[Records from a data source]
=== Section Start ===

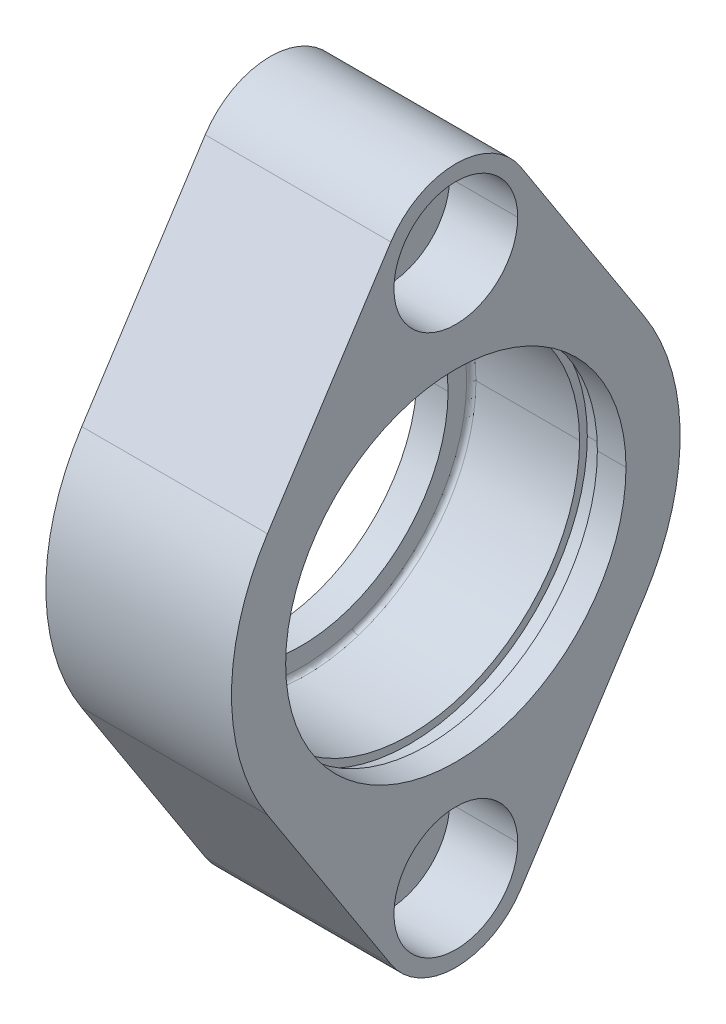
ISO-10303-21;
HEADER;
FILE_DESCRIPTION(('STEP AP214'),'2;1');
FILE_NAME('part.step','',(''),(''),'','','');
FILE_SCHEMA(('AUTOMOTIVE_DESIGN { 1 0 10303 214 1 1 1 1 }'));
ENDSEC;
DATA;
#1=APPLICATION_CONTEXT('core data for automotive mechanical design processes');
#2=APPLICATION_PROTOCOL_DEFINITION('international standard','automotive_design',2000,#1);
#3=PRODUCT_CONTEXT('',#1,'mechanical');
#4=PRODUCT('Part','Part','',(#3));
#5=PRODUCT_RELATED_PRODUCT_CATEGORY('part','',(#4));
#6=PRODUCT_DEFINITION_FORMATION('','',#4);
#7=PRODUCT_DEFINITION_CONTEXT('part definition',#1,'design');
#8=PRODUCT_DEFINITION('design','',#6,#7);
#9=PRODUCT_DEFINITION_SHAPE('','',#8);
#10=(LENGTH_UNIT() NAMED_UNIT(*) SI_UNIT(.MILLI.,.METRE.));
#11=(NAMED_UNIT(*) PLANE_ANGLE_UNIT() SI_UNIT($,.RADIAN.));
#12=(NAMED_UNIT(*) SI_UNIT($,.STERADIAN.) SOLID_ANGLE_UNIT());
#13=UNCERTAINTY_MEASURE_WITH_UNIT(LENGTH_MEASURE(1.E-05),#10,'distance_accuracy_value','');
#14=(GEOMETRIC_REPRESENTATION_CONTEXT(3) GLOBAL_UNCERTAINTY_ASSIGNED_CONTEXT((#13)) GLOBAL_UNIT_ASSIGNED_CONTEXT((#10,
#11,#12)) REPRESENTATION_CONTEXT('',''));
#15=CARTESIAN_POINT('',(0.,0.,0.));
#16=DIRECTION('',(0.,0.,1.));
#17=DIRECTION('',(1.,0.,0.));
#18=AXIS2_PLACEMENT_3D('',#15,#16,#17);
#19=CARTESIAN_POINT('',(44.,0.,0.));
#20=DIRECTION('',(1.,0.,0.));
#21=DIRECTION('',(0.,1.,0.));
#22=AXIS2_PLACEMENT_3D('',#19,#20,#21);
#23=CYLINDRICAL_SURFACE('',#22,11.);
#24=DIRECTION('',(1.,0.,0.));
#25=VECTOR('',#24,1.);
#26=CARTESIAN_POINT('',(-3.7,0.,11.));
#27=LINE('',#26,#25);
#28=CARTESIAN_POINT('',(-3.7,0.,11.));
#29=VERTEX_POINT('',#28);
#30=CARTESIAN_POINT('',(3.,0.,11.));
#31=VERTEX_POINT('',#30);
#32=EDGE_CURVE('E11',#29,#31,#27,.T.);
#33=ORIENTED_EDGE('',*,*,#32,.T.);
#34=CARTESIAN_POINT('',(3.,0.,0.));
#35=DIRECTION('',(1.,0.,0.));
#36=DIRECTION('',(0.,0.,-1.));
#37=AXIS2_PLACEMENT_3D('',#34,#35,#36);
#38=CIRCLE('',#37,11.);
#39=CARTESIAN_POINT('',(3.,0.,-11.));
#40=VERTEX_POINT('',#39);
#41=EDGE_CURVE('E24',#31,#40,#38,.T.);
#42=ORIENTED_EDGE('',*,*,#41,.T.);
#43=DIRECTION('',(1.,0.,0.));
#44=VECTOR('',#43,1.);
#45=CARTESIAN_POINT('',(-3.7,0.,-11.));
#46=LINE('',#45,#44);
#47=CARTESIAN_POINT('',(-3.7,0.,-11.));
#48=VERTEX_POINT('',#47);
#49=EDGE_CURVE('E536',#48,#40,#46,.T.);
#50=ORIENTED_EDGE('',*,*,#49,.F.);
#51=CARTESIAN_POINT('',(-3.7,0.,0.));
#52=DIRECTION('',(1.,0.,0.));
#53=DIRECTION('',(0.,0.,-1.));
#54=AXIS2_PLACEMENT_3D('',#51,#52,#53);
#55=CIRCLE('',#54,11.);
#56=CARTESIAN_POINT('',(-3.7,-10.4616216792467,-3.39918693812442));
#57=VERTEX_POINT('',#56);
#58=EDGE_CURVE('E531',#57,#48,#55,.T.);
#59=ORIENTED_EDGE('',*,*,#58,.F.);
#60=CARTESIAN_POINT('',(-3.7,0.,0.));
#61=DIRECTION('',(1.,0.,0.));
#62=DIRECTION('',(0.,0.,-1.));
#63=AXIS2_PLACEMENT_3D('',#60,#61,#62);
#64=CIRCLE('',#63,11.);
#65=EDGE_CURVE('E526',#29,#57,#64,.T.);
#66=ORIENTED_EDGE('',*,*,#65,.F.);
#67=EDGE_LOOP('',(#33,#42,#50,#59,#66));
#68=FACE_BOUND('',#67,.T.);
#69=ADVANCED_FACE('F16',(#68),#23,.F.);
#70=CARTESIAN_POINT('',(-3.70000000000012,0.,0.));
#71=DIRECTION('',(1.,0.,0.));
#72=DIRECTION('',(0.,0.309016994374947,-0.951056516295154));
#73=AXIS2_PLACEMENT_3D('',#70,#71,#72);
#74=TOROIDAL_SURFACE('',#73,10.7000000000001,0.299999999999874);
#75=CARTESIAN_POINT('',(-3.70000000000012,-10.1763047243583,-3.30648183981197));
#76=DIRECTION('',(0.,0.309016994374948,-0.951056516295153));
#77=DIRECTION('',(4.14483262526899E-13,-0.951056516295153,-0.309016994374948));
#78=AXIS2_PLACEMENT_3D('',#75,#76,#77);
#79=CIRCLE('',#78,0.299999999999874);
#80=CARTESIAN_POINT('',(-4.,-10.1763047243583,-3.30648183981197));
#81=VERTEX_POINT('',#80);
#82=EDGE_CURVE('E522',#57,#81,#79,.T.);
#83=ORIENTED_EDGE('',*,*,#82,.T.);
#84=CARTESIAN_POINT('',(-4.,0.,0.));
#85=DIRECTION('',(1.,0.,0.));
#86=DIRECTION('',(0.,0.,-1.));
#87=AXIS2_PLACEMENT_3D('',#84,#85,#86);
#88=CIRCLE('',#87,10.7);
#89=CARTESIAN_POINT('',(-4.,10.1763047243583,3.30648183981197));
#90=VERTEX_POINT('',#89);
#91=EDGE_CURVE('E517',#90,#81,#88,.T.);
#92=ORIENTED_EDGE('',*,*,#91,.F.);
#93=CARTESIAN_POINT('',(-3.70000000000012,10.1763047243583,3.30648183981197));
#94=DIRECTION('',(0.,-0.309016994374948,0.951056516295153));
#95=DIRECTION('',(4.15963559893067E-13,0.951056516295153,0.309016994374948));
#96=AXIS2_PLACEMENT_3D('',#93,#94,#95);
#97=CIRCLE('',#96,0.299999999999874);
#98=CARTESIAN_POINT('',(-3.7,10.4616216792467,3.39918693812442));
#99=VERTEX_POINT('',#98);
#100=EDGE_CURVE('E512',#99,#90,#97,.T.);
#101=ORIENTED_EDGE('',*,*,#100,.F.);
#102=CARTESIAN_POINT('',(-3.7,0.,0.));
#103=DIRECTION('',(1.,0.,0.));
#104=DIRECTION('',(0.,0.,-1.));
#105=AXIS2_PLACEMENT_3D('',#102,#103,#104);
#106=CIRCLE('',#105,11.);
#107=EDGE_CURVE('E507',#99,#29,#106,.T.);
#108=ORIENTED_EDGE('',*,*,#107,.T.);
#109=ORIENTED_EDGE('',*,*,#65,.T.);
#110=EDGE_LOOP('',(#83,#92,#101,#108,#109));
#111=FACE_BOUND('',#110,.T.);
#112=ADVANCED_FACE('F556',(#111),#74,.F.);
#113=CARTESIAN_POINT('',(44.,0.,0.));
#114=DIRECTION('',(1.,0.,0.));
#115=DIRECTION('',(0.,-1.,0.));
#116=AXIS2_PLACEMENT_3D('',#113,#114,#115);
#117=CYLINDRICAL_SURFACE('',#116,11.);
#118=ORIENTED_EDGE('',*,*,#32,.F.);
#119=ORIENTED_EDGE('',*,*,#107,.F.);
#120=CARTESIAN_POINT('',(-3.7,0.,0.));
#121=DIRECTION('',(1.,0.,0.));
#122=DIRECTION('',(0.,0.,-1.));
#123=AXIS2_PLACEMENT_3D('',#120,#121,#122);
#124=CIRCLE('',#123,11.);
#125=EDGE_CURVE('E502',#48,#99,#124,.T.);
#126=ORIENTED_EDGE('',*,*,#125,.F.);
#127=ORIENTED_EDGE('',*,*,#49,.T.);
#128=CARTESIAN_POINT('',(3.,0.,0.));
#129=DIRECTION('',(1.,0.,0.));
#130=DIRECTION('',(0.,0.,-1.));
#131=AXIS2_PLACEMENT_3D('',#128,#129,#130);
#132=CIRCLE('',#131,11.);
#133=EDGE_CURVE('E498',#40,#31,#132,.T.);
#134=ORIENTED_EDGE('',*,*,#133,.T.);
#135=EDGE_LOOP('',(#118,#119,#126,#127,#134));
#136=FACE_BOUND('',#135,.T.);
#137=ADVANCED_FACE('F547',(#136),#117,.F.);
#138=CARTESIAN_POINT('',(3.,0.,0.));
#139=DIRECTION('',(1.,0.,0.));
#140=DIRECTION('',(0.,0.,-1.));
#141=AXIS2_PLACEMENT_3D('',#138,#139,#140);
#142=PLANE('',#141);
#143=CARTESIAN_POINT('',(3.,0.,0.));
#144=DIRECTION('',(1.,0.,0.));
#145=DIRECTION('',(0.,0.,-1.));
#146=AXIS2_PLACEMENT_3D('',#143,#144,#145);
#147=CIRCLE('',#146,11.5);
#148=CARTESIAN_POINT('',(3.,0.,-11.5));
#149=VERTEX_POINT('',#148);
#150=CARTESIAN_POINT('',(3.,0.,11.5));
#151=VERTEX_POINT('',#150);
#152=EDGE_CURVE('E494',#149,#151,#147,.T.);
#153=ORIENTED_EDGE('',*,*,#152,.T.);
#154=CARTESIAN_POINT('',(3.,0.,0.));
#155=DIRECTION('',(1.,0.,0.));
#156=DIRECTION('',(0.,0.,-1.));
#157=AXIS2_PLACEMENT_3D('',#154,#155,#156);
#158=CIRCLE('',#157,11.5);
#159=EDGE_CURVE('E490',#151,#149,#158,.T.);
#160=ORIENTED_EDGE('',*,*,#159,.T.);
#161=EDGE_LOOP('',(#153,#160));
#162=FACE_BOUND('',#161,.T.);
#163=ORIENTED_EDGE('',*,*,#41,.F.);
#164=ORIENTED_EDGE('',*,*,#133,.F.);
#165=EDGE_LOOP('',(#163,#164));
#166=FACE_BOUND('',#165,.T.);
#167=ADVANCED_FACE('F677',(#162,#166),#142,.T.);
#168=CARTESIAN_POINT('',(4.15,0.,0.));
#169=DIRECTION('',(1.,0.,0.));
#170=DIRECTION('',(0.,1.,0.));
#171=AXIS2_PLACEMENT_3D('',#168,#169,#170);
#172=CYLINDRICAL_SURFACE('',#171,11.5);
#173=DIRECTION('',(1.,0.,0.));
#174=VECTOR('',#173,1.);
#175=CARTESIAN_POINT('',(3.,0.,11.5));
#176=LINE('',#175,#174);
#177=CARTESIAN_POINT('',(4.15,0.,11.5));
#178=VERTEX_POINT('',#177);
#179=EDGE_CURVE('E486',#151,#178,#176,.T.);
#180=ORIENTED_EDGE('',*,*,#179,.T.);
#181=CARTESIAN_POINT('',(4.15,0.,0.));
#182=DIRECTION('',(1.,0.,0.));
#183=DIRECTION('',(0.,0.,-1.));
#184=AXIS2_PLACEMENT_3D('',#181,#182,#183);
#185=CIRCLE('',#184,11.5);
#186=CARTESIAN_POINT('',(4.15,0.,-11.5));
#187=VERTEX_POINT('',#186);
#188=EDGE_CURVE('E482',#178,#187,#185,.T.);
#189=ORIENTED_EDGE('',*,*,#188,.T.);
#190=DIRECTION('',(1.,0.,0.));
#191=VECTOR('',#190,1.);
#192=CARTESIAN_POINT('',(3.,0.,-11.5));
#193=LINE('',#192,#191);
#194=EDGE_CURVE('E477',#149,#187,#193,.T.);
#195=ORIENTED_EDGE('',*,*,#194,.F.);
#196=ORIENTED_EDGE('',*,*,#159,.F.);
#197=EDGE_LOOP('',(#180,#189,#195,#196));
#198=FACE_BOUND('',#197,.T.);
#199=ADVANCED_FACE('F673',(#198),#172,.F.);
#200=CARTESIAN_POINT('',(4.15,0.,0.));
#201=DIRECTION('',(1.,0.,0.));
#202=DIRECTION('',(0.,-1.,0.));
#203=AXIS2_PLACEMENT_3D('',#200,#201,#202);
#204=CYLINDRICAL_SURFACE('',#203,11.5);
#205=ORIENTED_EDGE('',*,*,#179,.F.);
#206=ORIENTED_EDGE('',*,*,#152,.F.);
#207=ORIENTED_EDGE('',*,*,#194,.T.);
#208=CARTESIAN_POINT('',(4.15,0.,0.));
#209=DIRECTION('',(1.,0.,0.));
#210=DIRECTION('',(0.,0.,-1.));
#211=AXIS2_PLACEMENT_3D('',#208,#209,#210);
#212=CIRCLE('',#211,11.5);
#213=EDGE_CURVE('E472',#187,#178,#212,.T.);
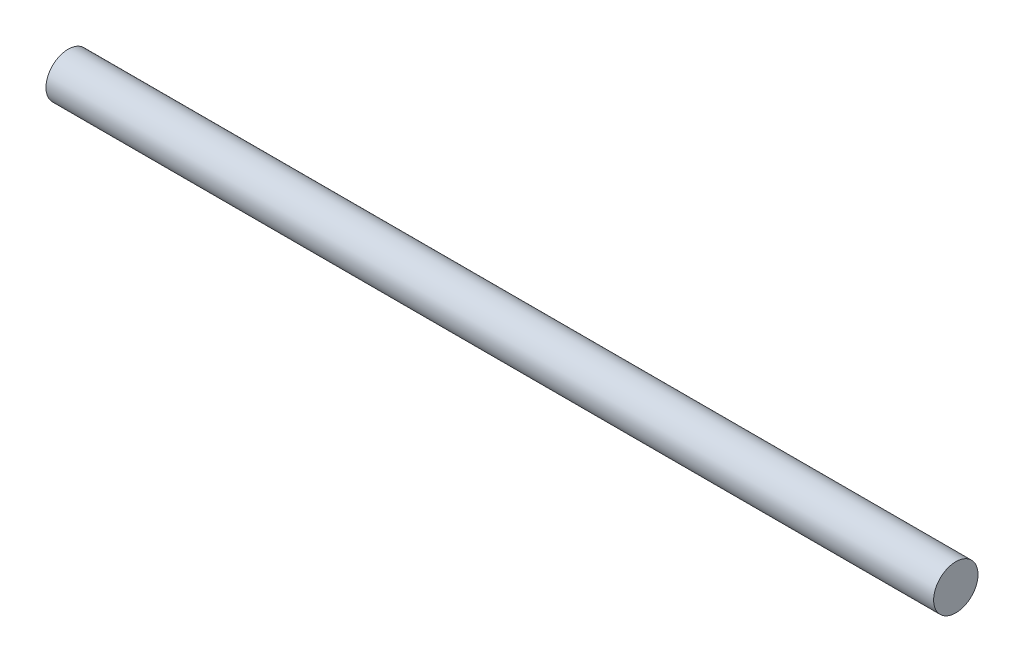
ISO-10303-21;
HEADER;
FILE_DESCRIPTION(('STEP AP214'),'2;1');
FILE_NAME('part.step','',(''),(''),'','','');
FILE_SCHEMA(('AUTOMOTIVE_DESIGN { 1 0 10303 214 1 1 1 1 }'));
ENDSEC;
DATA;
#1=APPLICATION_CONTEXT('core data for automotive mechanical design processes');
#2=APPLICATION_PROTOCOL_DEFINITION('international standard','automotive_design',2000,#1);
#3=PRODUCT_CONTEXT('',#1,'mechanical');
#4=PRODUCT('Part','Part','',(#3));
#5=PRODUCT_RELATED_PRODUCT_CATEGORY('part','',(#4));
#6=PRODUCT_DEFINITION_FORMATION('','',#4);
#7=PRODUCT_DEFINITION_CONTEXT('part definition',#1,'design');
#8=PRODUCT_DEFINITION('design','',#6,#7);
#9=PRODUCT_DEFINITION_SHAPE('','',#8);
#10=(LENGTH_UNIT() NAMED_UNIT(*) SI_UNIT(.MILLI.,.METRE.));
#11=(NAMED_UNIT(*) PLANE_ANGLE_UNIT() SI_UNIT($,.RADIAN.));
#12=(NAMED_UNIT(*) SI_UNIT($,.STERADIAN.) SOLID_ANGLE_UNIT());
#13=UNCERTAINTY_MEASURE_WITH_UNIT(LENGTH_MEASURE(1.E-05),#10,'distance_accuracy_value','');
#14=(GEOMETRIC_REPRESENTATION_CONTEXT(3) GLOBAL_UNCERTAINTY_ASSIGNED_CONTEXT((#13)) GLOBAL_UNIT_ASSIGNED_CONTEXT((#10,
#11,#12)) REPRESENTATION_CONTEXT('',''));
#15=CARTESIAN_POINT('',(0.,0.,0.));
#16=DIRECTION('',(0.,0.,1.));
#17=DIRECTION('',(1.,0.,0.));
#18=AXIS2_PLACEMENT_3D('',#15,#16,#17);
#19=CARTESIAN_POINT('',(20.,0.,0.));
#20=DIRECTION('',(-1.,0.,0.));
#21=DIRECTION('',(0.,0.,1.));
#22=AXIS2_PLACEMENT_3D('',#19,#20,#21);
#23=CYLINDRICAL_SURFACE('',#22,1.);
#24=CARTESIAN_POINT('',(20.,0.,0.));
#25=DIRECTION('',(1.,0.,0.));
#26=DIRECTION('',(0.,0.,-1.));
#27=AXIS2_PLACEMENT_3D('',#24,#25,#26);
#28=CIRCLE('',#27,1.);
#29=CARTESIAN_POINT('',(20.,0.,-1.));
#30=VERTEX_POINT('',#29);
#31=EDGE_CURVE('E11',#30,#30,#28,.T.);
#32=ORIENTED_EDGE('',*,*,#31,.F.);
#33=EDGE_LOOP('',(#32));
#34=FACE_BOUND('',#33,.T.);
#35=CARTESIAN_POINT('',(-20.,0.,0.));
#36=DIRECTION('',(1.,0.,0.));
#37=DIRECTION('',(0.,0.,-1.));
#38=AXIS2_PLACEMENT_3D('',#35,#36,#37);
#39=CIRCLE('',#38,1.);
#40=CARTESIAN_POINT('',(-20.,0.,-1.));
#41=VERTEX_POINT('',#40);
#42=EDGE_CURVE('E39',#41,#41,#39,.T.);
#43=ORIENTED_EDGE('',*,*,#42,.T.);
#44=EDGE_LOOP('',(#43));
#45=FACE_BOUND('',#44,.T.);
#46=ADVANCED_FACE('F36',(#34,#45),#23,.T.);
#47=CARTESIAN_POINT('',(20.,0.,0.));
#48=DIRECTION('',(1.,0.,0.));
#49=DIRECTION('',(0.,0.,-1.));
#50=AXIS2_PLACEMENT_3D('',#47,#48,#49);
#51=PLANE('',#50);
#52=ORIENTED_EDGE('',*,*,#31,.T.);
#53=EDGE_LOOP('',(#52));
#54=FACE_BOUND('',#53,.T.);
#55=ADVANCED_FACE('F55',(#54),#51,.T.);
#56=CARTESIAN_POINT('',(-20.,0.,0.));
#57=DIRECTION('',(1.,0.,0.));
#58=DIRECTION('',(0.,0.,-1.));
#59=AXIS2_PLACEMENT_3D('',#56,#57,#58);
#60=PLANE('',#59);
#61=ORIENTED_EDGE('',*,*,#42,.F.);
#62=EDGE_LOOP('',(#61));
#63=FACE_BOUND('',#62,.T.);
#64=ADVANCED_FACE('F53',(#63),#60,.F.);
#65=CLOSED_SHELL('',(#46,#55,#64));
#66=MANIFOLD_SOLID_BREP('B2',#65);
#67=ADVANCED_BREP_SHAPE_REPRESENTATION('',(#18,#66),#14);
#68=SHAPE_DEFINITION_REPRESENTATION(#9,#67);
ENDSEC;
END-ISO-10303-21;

=== Section End ===

> _Activity_: A single figure is required: the number of lines in the entries above that include the word "VECTOR".

> _Result_: 4